Kaynaklarda yer alan yaygın görüşe göre "Ebu Umare" diye künyelenmiştir. Ancak, Ya'la adlı oğlundan dolayı "Ebu Ya'la" diye anılmaktadır. Bir de Amir adlı oğlu vardır. Ebu Ya'la ile Amir'in annesi Ensar'ın Evs kulundandır. Umare'nin annesi ise keza Ensar'dan (Beni Neccad'dan) Havle bint Kays'dir.
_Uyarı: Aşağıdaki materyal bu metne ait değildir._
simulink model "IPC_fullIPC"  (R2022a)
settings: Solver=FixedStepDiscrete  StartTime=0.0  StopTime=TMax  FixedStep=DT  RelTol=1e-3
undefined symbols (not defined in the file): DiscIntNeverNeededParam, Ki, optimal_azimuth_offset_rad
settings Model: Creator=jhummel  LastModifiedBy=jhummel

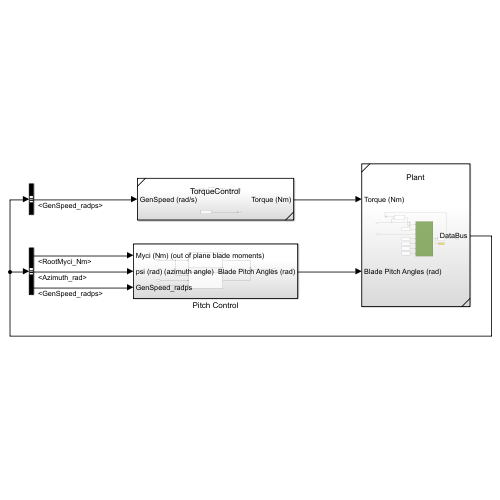
[thumbnail: Simulink's stored preview of the top-level diagram]
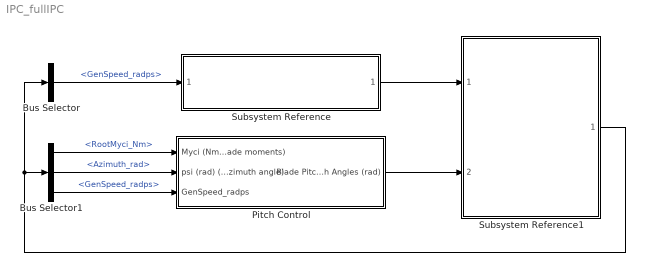
== system IPC_fullIPC ==
  Bus Selector : BusSelector  OutputSignals=GenSpeed_radps
  Bus Selector1 : BusSelector  OutputSignals=RootMyci_Nm,Azimuth_rad,GenSpeed_radps
  Pitch Control : Subsystem
  Subsystem Reference : Subsystem  ReferencedSubsystem=TorqueControl
  Subsystem Reference1 : Subsystem  ReferencedSubsystem=Plant
  wires:
  Bus Selector/1 -> Subsystem Reference/1  "<GenSpeed_radps>"
  Bus Selector1/1 -> Pitch Control/1(Myci (Nm) (out of plane blade moments))  "<RootMyci_Nm>"
  Bus Selector1/2 -> Pitch Control/2(psi (rad) (azimuth angle))  "<Azimuth_rad>"
  Bus Selector1/3 -> Pitch Control/3(GenSpeed_radps)  "<GenSpeed_radps>"
  Subsystem Reference1/1 -> Bus Selector/1, Bus Selector1/1
  Pitch Control/1(Blade Pitch Angles (rad)) -> Subsystem Reference1/2
  Subsystem Reference/1 -> Subsystem Reference1/1

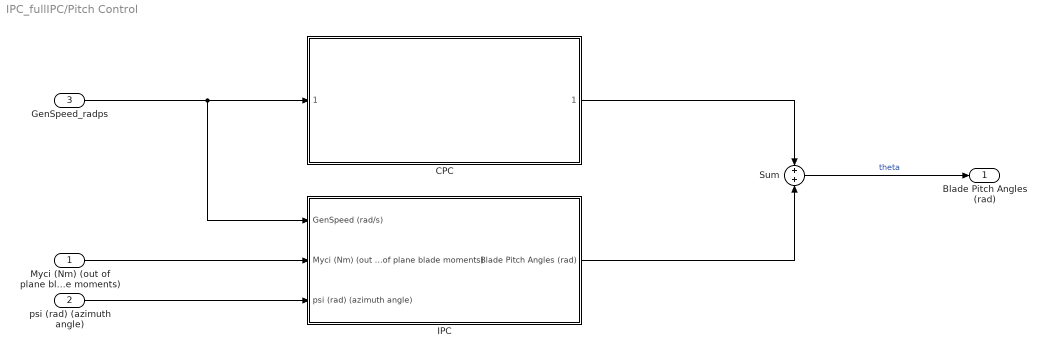
== system IPC_fullIPC/Pitch Control ==
  Myci (Nm) (out of plane blade moments) : Inport
  psi (rad) (azimuth angle) : Inport  Port=2
  GenSpeed_radps : Inport  Port=3
  CPC : Subsystem  ReferencedSubsystem=CollectivePitchControl
  IPC : Subsystem
  Sum : Sum  Inputs=+|+
  Blade Pitch Angles (rad) : Outport
  wires:
  Myci (Nm) (out of plane blade moments)/1 -> IPC/2(Myci (Nm) (out of plane blade moments))
  psi (rad) (azimuth angle)/1 -> IPC/3(psi (rad) (azimuth angle))
  GenSpeed_radps/1 -> IPC/1(GenSpeed (rad/s)), CPC/1
  IPC/1(Blade Pitch Angles (rad)) -> Sum/2
  Sum/1 -> Blade Pitch Angles (rad)/1  "theta"
  CPC/1 -> Sum/1

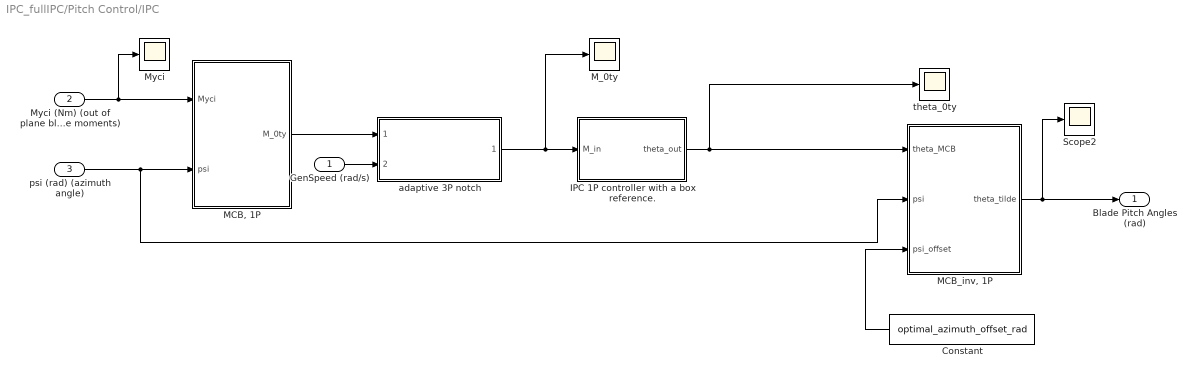
== system IPC_fullIPC/Pitch Control/IPC ==
  GenSpeed (rad/s) : Inport
  Myci (Nm) (out of plane blade moments) : Inport  Port=2
  psi (rad) (azimuth angle) : Inport  Port=3
  Constant : Constant  Value=optimal_azimuth_offset_rad
  IPC 1P controller with a box reference. : Subsystem
  "MCB, 1P" : MATLAB Function  TreatAsAtomicUnit=on
  "MCB_inv, 1P" : MATLAB Function  TreatAsAtomicUnit=on
  M_0ty : Scope
  Myci : Scope
  Scope2 : Scope
  adaptive 3P notch : Subsystem  ReferencedSubsystem=LoadFilter
  theta_0ty : Scope
  Blade Pitch Angles (rad) : Outport
  wires:
  Myci (Nm) (out of plane blade moments)/1 -> Myci/1, "MCB, 1P"/1(Myci)
  "MCB_inv, 1P"/1(theta_tilde) -> Blade Pitch Angles (rad)/1, Scope2/1
  "MCB, 1P"/1(M_0ty) -> adaptive 3P notch/1
  psi (rad) (azimuth angle)/1 -> "MCB_inv, 1P"/2(psi), "MCB, 1P"/2(psi)
  IPC 1P controller with a box reference./1(theta_out) -> "MCB_inv, 1P"/1(theta_MCB), theta_0ty/1
  adaptive 3P notch/1 -> M_0ty/1, IPC 1P controller with a box reference./1(M_in)
  GenSpeed (rad/s)/1 -> adaptive 3P notch/2
  Constant/1 -> "MCB_inv, 1P"/3(psi_offset)

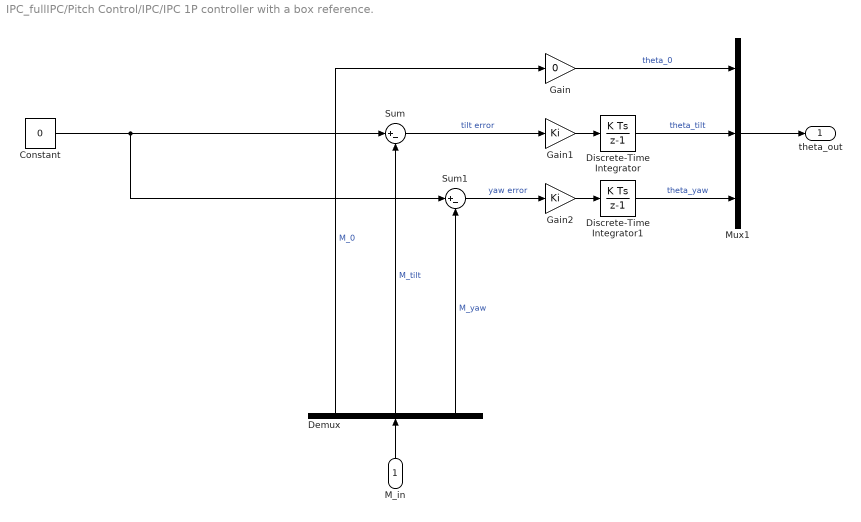
== system IPC_fullIPC/Pitch Control/IPC/IPC 1P controller with a box reference. ==
  M_in : Inport
  Constant : Constant  Value=0
  Demux : Demux  Outputs=3
  Discrete-Time Integrator : DiscreteIntegrator  SampleTime=-1  ICPrevOutput=DiscIntNeverNeededParam  ICPrevScaledInput=DiscIntNeverNeededParam
  Discrete-Time Integrator1 : DiscreteIntegrator  SampleTime=-1  ICPrevOutput=DiscIntNeverNeededParam  ICPrevScaledInput=DiscIntNeverNeededParam
  Gain : Gain  Gain=0
  Gain1 : Gain  Gain=Ki
  Gain2 : Gain  Gain=Ki
  Mux1 : Mux  Inputs=3
  Sum : Sum  Inputs=|+-
  Sum1 : Sum  Inputs=|+-
  theta_out : Outport
  wires:
  Gain/1 -> Mux1/1  "theta_0"
  Demux/1 -> Gain/1  "M_0"
  Demux/2 -> Sum/2  "M_tilt"
  Demux/3 -> Sum1/2  "M_yaw"
  Sum/1 -> Gain1/1  "tilt error"
  Sum1/1 -> Gain2/1  "yaw error"
  M_in/1 -> Demux/1
  Mux1/1 -> theta_out/1
  Discrete-Time Integrator/1 -> Mux1/2  "theta_tilt"
  Discrete-Time Integrator1/1 -> Mux1/3  "theta_yaw"
  Constant/1 -> Sum1/1, Sum/1
  Gain1/1 -> Discrete-Time Integrator/1
  Gain2/1 -> Discrete-Time Integrator1/1

== matlab function IPC_fullIPC/Pitch Control/IPC/MCB_inv, 1P ==
  data: theta_MCB input; psi input; psi_offset input; theta_tilde output
function theta_tilde = fcn(theta_MCB, psi, psi_offset)

theta_tilde = MBC_inv(theta_MCB, psi, psi_offset, 3, 1);

end

== matlab function IPC_fullIPC/Pitch Control/IPC/MCB, 1P ==
  data: Myci input; M_0ty output; psi input
function M_0ty = fcn(Myci, psi)

% Do the coordinate transformation.
M_0ty = MBC(Myci, psi, 0, 3, 1);

end

Bir de Umame adlı kızı vardır ki, bu kızın annesi Selma bint Umeys olup, bu hanımın kız kardeşi Esma bint Umeys, Cafer b. Ebi Talib'in eşiydi. Buna göre Hz. Hamza bu cihetten, Cafer b. Ebi Talib'le bacanak oluyordu. Nitekim Hz. Peygamber, yetim kalan Umame'nin bakımını bu sebeple Hz. Cafer'e tevdi etmişti.

Hz. Hamza kuvvetli görüşe göre Hz. Peygamber'den iki yaş büyüktür. Bununla beraber dört yaş büyük olduğunu söyleyenler de vardır. Hz. Hamza Mekke'de emsalleri arasında pehlivanlığı, yiğitliği, iyi ahlakı ve cesareti ile tanınırdı. Yetişkin bir genç haline geldiğinde orta boylu, irice başlı, gür sakallı ve heybetli bir görünüşü vardı. Savaşlarda gösterdiği yararlılıklardan dolayı Resul-i Ekrem (s.a.s) ona "Esedullah ve esedu Rasulihi: Allah ve Resulünün arslanı" ve şehadetinden sonra da onun hakkında "Seyyidü'ş-şüheda: Şehitlerin Efendisi" buyurduğu için bu unvanlarla yâd olunmaktadır.

Hidayete erişi

Resul-i Ekrem'le aynı mahallede dünyaya gelmiş olması ve bilhassa sütkardeşi olması hasebiyle çocukluk ve gençlik yıllarında iyi arkadaş ve dost oldukları, aralarında samimi bir ülfet ve dayanışmanın olduğu bilinmektedir. Bu sebeple İslami dönemde de ondan Hz. Peygamber'e karşı herhangi bir husumet görülmemiştir. Bununla beraber, hemen ilk aylarda da İslam'a girmediği gözlenmektedir.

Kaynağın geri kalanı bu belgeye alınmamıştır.